_WHAT YOU NEED TO DO_. Return an exact copy of the data, starting at its first line and ending at the line that contains "line L26 (-26.1754, -4.9543)", minus any pictures.

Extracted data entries
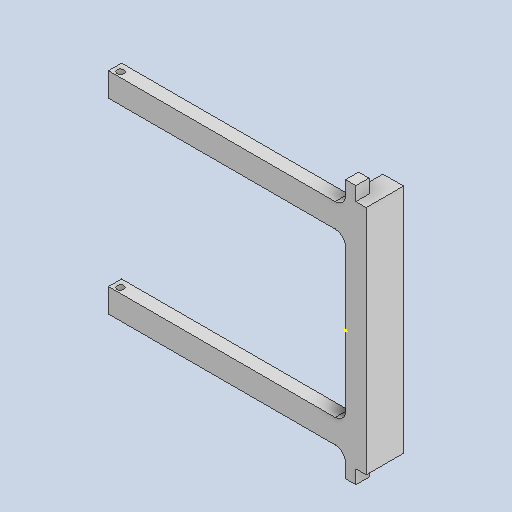
# Autodesk Inventor part: motherboard_key
Saved by Autodesk Inventor 2022 (Build 260153000, 153)
## iProperties
Created: 2024-12-17
Part Number: motherboard_key
Material: Типовые
Document SubType Name: Modeling
Designer: Andrey
Density: 1 g/cm^3
Appearance: По умолчанию
Author: Andrey
Autodesk Inventor part; units mm, degrees
ref_plane "YZ Plane" through (0, 0, 0) normal (1, 0, 0) x (0, 1, 0)
ref_plane "XZ Plane" through (0, 0, 0) normal (0, 1, 0) x (-1, 0, 0)
ref_plane "XY Plane" through (0, 0, 0) normal (0, 0, 1) x (1, 0, 0)
sketch "Эскиз8" plane through (0, 0, 0) normal (0, 0, 1) x (1, 0, 0)
  line L0 (-9, -9.9543) -> (-9, 10.0457) projected
  line L1 (0, 17.0842) -> (0, -16.9927)
  line L2 (0, 16.7842) -> (-3, 16.7842)
  line L3 (-3, 16.7842) -> (-3, -16.6927)
  line L4 (-3, -16.6927) -> (0, -16.6927)
  line L5 (0, -16.6927) -> (0, 16.7842)
  line L6 (-44, 11.5457) -> (-9, 11.5457) projected
  line L7 (-9, 15.5842) -> (-44, 15.5842) projected
  line L8 (-44, 15.5842) -> (-44, 11.5457) projected
  line L9 (-44, -15.4927) -> (-9, -15.4927) projected
  line L10 (-9, -11.4543) -> (-44, -11.4543) projected
  line L11 (-44, -11.4543) -> (-44, -15.4927) projected
  line L12 (-9, 15.2842) -> (-44, 15.2842)
  line L13 (-44, -15.1927) -> (-9, -15.1927)
  line L14 (-44, 11.8457) -> (-9.3, 11.8457)
  line L15 (-44, -11.7543) -> (-9.3, -11.7543)
  line L16 (-9.3, 15.2842) -> (-3, 15.2842)
  line L17 (-3, 15.2842) -> (-3, 11.8457)
  line L18 (-3, 11.8457) -> (-9.3, 11.8457)
  line L19 (-9.3, -11.7543) -> (-3, -11.7543)
  line L20 (-3, -11.7543) -> (-3, -15.1927)
  line L21 (-3, -15.1927) -> (-9.3, -15.1927)
  line L22 (-37.3, 15.2842) -> (-37.3, -15.1927)
  arc A0 (-10.5, -11.4543) -> (-9, -9.9543) centre (-10.5, -9.9543) ccw projected
  arc A1 (-9, 10.0457) -> (-10.5, 11.5457) centre (-10.5, 10.0457) ccw projected
  line L23 (-10.5, 11.5457) -> (-32.1754, 11.5457) projected
  line L24 (-32.1754, 11.5457) -> (-31.4296, 7.5457) projected
  line L25 (-31.4296, 7.5457) -> (-26.1754, 7.5457) projected
  line L26 (-26.1754, -4.9543) -> (-26.1754, -7.4543) projected
  line L27 (-25.1754, 4.0457) -> (-24.6192, 4.0457) projected
  line L28 (-24.6192, 4.0457) -> (-24.6192, 9.5457) projected
  spline S0 degree 3 poles (-24.1006, 10.0457) (-24.1642, 10.0457) (-24.2391, 10.0312) (-24.3567, 9.984) (-24.4205, 9.943) (-24.5115, 9.8556) (-24.5549, 9.7937) (-24.6042, 9.6794) (-24.6192, 9.6072) (-24.6192, 9.5457) knots 0.074888 0.074888 0.074888 0.074888 0.093967 0.093967 0.112918 0.112918 0.131824 0.131824 0.15026 0.15026 0.15026 0.15026 projected
  line L29 (-24.1006, 10.0457) -> (-24.0379, 10.0457) projected
  spline S1 degree 3 poles (-23.5192, 9.5457) (-23.5192, 9.6072) (-23.5343, 9.6794) (-23.5836, 9.7937) (-23.6269, 9.8556) (-23.718, 9.943) (-23.7817, 9.984) (-23.8994, 10.0312) (-23.9743, 10.0457) (-24.0379, 10.0457) knots 0.15026 0.15026 0.15026 0.15026 0.168696 0.168696 0.187602 0.187602 0.206553 0.206553 0.225632 0.225632 0.225632 0.225632 projected
  line L30 (-23.5192, 9.5457) -> (-23.5192, 4.0457) projected
  line L31 (-22.8192, 4.0457) -> (-22.8192, -3.9543) projected
  line L32 (-22.8192, -3.9543) -> (-23.5192, -3.9543) projected
  line L33 (-23.5192, -3.9543) -> (-23.5192, -9.4543) projected
  spline S2 degree 3 poles (-24.0379, -9.9543) (-23.9743, -9.9543) (-23.8994, -9.9398) (-23.7817, -9.8925) (-23.718, -9.8516) (-23.6269, -9.7642) (-23.5836, -9.7022) (-23.5343, -9.5879) (-23.5192, -9.5157) (-23.5192, -9.4543) knots 0.074888 0.074888 0.074888 0.074888 0.093967 0.093967 0.112918 0.112918 0.131824 0.131824 0.15026 0.15026 0.15026 0.15026 projected
  line L34 (-24.0379, -9.9543) -> (-24.1006, -9.9543) projected
  spline S3 degree 3 poles (-24.6192, -9.4543) (-24.6192, -9.5157) (-24.6042, -9.5879) (-24.5549, -9.7022) (-24.5115, -9.7642) (-24.4205, -9.8516) (-24.3567, -9.8925) (-24.2391, -9.9398) (-24.1642, -9.9543) (-24.1006, -9.9543) knots 0.15026 0.15026 0.15026 0.15026 0.168696 0.168696 0.187602 0.187602 0.206553 0.206553 0.225632 0.225632 0.225632 0.225632 projected
  line L35 (-24.6192, -9.4543) -> (-24.6192, -3.9543) projected
  line L36 (-24.6192, -3.9543) -> (-25.1754, -3.9543) projected
  line L37 (-26.1754, 7.5457) -> (-26.1754, 5.0457) projected
  line L38 (-26.1754, -7.4543) -> (-31.4296, -7.4543) projected
  line L39 (-31.4296, -7.4543) -> (-32.1754, -11.4543) projected
  line L40 (-32.1754, -11.4543) -> (-10.5, -11.4543) projected
  line L41 (-26.1754, -4.9543) -> (-25.1754, -3.9543) projected
  line L42 (-25.1754, 4.0457) -> (-26.1754, 5.0457) projected
  line L43 (-23.5192, 4.0457) -> (-22.8192, 4.0457) projected
  point P0 (0, 0)
  point P1 (-32.1754, 15.5842)
  point P2 (-32.1754, -15.4927)
  point P3 (0, -16.6927)
  point P4 (-3, 15.2842)
  point P5 (-37.3, 11.8457)
  point P6 (-9.3, 11.8457)
  point P7 (-37.3, -11.7543)
  point P8 (-9, -15.1927)
  dimension "d40" = 3
  dimension "d43" = 0.3
  dimension "d44" = 0.3
  dimension "d45" = 0.3
  dimension "d46" = 0.3
  dimension "d47" = 6.7
  constraints: 32 end point, 6 parallel, 6 point on line, 4 perpendicular, 3 horizontal, 2 collinear, 1 vertical
  measures "d40" distance of L4.end L3.end
  measures "d43" distance between parallel lines of L7 L12
  measures "d44" distance between parallel lines of L9 L13
  measures "d45" distance between parallel lines of L6 L14
  measures "d46" distance between parallel lines of L10 L15
  measures "d47" distance from line of L14.start L22
extrude "Выдавливание8" add sketch "Эскиз8" against normal blind 1.9 contours L15 L19 L3 L21 L13 L22 | L22 L12 L16 L3 L18 L14 | L3 L2 L1 L4
sketch "Эскиз9" plane through (0, 0, -1.9) normal (0, 0, -1) x (-1, 0, 0)
  line L0 (0, 16.7842) -> (0, -16.6927) projected
  line L1 (0, -16.6927) -> (3, -16.6927) projected
  line L2 (3, -16.6927) -> (3, -15.1927) projected
  line L3 (3, -15.1927) -> (37.3, -15.1927) projected
  line L4 (37.3, -15.1927) -> (37.3, -11.7543) projected
  line L5 (37.3, -11.7543) -> (3, -11.7543) projected
  line L6 (3, -11.7543) -> (3, 11.8457) projected
  line L7 (3, 11.8457) -> (37.3, 11.8457) projected
  line L8 (37.3, 11.8457) -> (37.3, 15.2842) projected
  line L9 (37.3, 15.2842) -> (3, 15.2842) projected
  line L10 (3, 15.2842) -> (3, 16.7842) projected
  line L11 (3, 16.7842) -> (0, 16.7842) projected
  line L12 (37.3, 15.2842) -> (3, 15.2842) projected
  line L13 (3, -15.1927) -> (37.3, -15.1927) projected
  line L14 (3, 15.2842) -> (3, -15.1927)
  point P0 (0, 0)
  point P1 (3, -11.7543)
  constraints: 2 end point, 1 perpendicular
extrude "Выдавливание9" add sketch "Эскиз9" along normal blind 3.5 contours L11 L10 L14 L6 L2 L1 L0
fillet "Сопряжение9" radius 1.5 4 edges at (-3, 15.2842, -0.95) (-3, 11.8457, -0.95) (-3, -11.7543, -0.95) (-3, -15.1927, -0.95)
sketch "Эскиз10" plane through (-3, -16.6927, -5.4) normal (-1, 0, 0) x (0, 0, 1)
  arc A0 (1.4727, 14.8527) -> (1.4727, 18.6243) centre (2.7, 16.7385) ccw projected
  circle A1 centre (2.7, 16.7385) radius 2.25
  point P0 (5.4, 16.6927)
  point P1 (1.4727, 18.6243)
  constraints: 1 coincident, 3 other
extrude "Выдавливание10" cut sketch "Эскиз10" against normal blind 1.5
sketch "Эскиз11" plane through (-3, -16.6927, -5.4) normal (-1, 0, 0) x (0, 0, 1)
  point P0 (5.4, 16.6927)
sketch "Эскиз12" plane through (-3, -16.6927, -5.4) normal (-1, 0, 0) x (0, 0, 1)
  circle A0 centre (2.7, 16.7385) radius 2.25 projected
  line L0 (3.5, 6.4385) -> (3.5, 0) projected
  line L1 (5.4, 6.4385) -> (3.5, 6.4385) projected
  line L2 (5.4, 27.0385) -> (5.4, 6.4385) projected
  line L3 (3.5, 27.0385) -> (5.4, 27.0385) projected
  line L4 (3.5, 33.4769) -> (3.5, 27.0385) projected
  line L5 (3.5, 33.4769) -> (0, 33.4769) projected
  line L6 (0, 0) -> (0, 33.4769) projected
  line L7 (3.5, 0) -> (0, 0) projected
  line L8 (3.5, 1.5) -> (3.5, 0) projected
  line L9 (5.4, 0) -> (3.5, 0) projected
  line L10 (5.4, 0) -> (5.4, 1.5) projected
  line L11 (5.4, 1.5) -> (3.5, 1.5) projected
  line L12 (5.4, 33.4769) -> (0, 33.4769) projected
  line L13 (5.4, 0) -> (3.5, 0)
  line L14 (3.5, 0) -> (3.5, -2)
  line L15 (3.5, -2) -> (5.4, -2)
  line L16 (5.4, -2) -> (5.4, 0)
  line L17 (3.5, 6.4385) -> (3.5, 0) projected
  line L18 (5.4, 33.4769) -> (3.5, 33.4769) projected
  line L19 (5.4, 33.4769) -> (3.5, 33.4769)
  line L20 (3.5, 33.4769) -> (3.5, 35.4769)
  line L21 (3.5, 35.4769) -> (5.4, 35.4769)
  line L22 (5.4, 35.4769) -> (5.4, 33.4769)
  line L23 (3.5, 33.4769) -> (3.5, 27.0385) projected
  point P0 (5.4, 16.6927)
  dimension "d56" = 2
  dimension "d57" = 2
  constraints: 16 end point, 4 parallel, 2 collinear, 2 horizontal, 2 perpendicular
  measures "d56" distance of L14.end L13.end
  measures "d57" distance of L19.end L20.end
extrude "Выдавливание11" add sketch "Эскиз12" against normal blind 1.5 contours L20 L21 L22 L12 | L9 L16 L15 L14
sketch "Эскиз13" plane through (-37.3, 15.2842, 0) normal (0, 1, 0) x (1, 0, 0)
  line L0 (32.8, 1.9) -> (32.8, 0) projected
  line L1 (0, 1.9) -> (32.8, 1.9) projected
  line L2 (0, 0) -> (0, 1.9) projected
  line L3 (32.8, 0) -> (0, 0) projected
  circle A0 centre (1, 0.75) radius 0.5
  circle A1 centre (1, 0.75) radius 0.75
  line L4 (1, 0.75) -> (0, 0.75)
  point P0 (37.3, 0)
  dimension "d60" = 1
  dimension "d61" = 1.5
  dimension "d62" = 1
  constraints: 2 centre point, 2 end point, 1 coincident, 1 parallel, 1 point on line, 1 tangent
  measures "d60" diameter of A0
  measures "d61" diameter of A1
  measures "d62" distance of L4.start L4.end
extrude "Выдавливание12" cut sketch "Эскиз13" against normal blind 40 contours A0
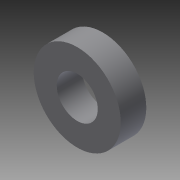
# Autodesk Inventor part: 1.06250.311-rod_part0
Saved by Autodesk Inventor 2014 SP2 (Build 180246200, 246)
## iProperties
Created: 2020-02-04
Part Number: 1.06250.311-rod_part0
Material: Generic
Catalog Web Link: www.cadenas.de
Description: FO1-Rod Part-Bimba FLAT-1
Vendor: BIMBA
Document SubType Name: Modeling
Designer: psadmin
Manufacturer: BIMBA
Mass: 3.51373 g
Surface Area: 18.7422 cm^2
Volume: 3.51373 cm^3
Density: 1 g/cm^3
Appearance: PSOLRGB-180-180-180
Category: PARTsolutions
Company: BIMBA
Title: 1.06250.311-rod_part0
Author: Cadenas PARTsolutions
Comments: Bimba FLAT-1
PSOL_IDENT_0: {$CADENAS_DATA\23d-libs\bimba\bimba_brand\bimba_imperial\bimba_full_line\flat_cylinders\fo1\fo1_rod_
PSOL_IDENT_1: part.prj},198 {VTYP=3D},{NB=1.06250.311-rod_part0},{LINA=1.06250.311-rod_part0},{NN=FO1-Rod Part},{D
PSOL_IDENT_2: ATE=22.01.2020 09:06:03},{GEOMDATE=02.05.2017 08:19:00},{VERSION=},{LINEID=30},{WBVAR=L,BCD},{WBNUME
PSOL_IDENT_3: RIC=L,BCD}  {NB=1.06250.311-rod_part0},{LINA=1.06250.311-rod_part0},{KT=DUMMY},{PN=1.06250.311-rod_p
PSOL_IDENT_4: art0},{BORE=1.06250000},{L=0.311},{TDIN=1.06200000},{F=0.50000000},{BCD=0},{A=2.000}
NN: FO1-Rod Part
NT: Bimba FLAT-1
NB: 1.06250.311-rod_part0
NBSYN: $PN.
LINA: 1.06250.311-rod_part0
PN: 1.06250.311-rod_part0
BORE: 1.0625
L: 0.311
TDIN: 1.062
F: 0.5
BCD: 0
A: 2
SUPPLIER: BIMBA
ARTICLENO: 1.06250.311-rod_part0
BOMINFO: 1.06250.311-rod_part0
CREATOR: CADENAS GmbH
Autodesk Inventor part; units mm, degrees
ref_plane "YZ Plane" through (0, 0, 0) normal (1, 0, 0) x (0, 1, 0)
ref_plane "XZ Plane" through (0, 0, 0) normal (0, 1, 0) x (-1, 0, 0)
ref_plane "XY Plane" through (0, 0, 0) normal (0, 0, 1) x (1, 0, 0)
sketch "Sketch_1" plane through (0, 0, 0) normal (1, 0, 0) x (0, 1, 0)
  line L0 (0, -7.8994) -> (0, 0)
  line L1 (6.35, 0) -> (6.35, -7.8994)
  line L2 (6.35, -7.8994) -> (13.4874, -7.8994)
  line L3 (13.4874, -7.8994) -> (13.4874, 0)
  line L4 (13.4874, 0) -> (6.35, 0)
  constraints: 10 end point
revolve "Revolution1" add sketch "Sketch_1" angle 360 about axis through (0, 0, -7.8994) along (0, 0, -1)
ref_plane "part_to_rod_XY" through (0, 0, -3.9497) normal (0, 0, 1) x (1, 0, 0)
ref_plane "part_to_rod_YZ" through (0, 0, -3.9497) normal (1, 0, 0) x (0, 1, 0)
ref_plane "part_to_rod_ZX" through (0, 0, -3.9497) normal (0, 1, 0) x (0, 0, 1)
body "Solid1"

_ANSWER SPACE_.
# Autodesk Inventor part: motherboard_key
Saved by Autodesk Inventor 2022 (Build 260153000, 153)
## iProperties
Created: 2024-12-17
Part Number: motherboard_key
Material: Типовые
Document SubType Name: Modeling
Designer: Andrey
Density: 1 g/cm^3
Appearance: По умолчанию
Author: Andrey
Autodesk Inventor part; units mm, degrees
ref_plane "YZ Plane" through (0, 0, 0) normal (1, 0, 0) x (0, 1, 0)
ref_plane "XZ Plane" through (0, 0, 0) normal (0, 1, 0) x (-1, 0, 0)
ref_plane "XY Plane" through (0, 0, 0) normal (0, 0, 1) x (1, 0, 0)
sketch "Эскиз8" plane through (0, 0, 0) normal (0, 0, 1) x (1, 0, 0)
  line L0 (-9, -9.9543) -> (-9, 10.0457) projected
  line L1 (0, 17.0842) -> (0, -16.9927)
  line L2 (0, 16.7842) -> (-3, 16.7842)
  line L3 (-3, 16.7842) -> (-3, -16.6927)
  line L4 (-3, -16.6927) -> (0, -16.6927)
  line L5 (0, -16.6927) -> (0, 16.7842)
  line L6 (-44, 11.5457) -> (-9, 11.5457) projected
  line L7 (-9, 15.5842) -> (-44, 15.5842) projected
  line L8 (-44, 15.5842) -> (-44, 11.5457) projected
  line L9 (-44, -15.4927) -> (-9, -15.4927) projected
  line L10 (-9, -11.4543) -> (-44, -11.4543) projected
  line L11 (-44, -11.4543) -> (-44, -15.4927) projected
  line L12 (-9, 15.2842) -> (-44, 15.2842)
  line L13 (-44, -15.1927) -> (-9, -15.1927)
  line L14 (-44, 11.8457) -> (-9.3, 11.8457)
  line L15 (-44, -11.7543) -> (-9.3, -11.7543)
  line L16 (-9.3, 15.2842) -> (-3, 15.2842)
  line L17 (-3, 15.2842) -> (-3, 11.8457)
  line L18 (-3, 11.8457) -> (-9.3, 11.8457)
  line L19 (-9.3, -11.7543) -> (-3, -11.7543)
  line L20 (-3, -11.7543) -> (-3, -15.1927)
  line L21 (-3, -15.1927) -> (-9.3, -15.1927)
  line L22 (-37.3, 15.2842) -> (-37.3, -15.1927)
  arc A0 (-10.5, -11.4543) -> (-9, -9.9543) centre (-10.5, -9.9543) ccw projected
  arc A1 (-9, 10.0457) -> (-10.5, 11.5457) centre (-10.5, 10.0457) ccw projected
  line L23 (-10.5, 11.5457) -> (-32.1754, 11.5457) projected
  line L24 (-32.1754, 11.5457) -> (-31.4296, 7.5457) projected
  line L25 (-31.4296, 7.5457) -> (-26.1754, 7.5457) projected
  line L26 (-26.1754, -4.9543) -> (-26.1754, -7.4543) projected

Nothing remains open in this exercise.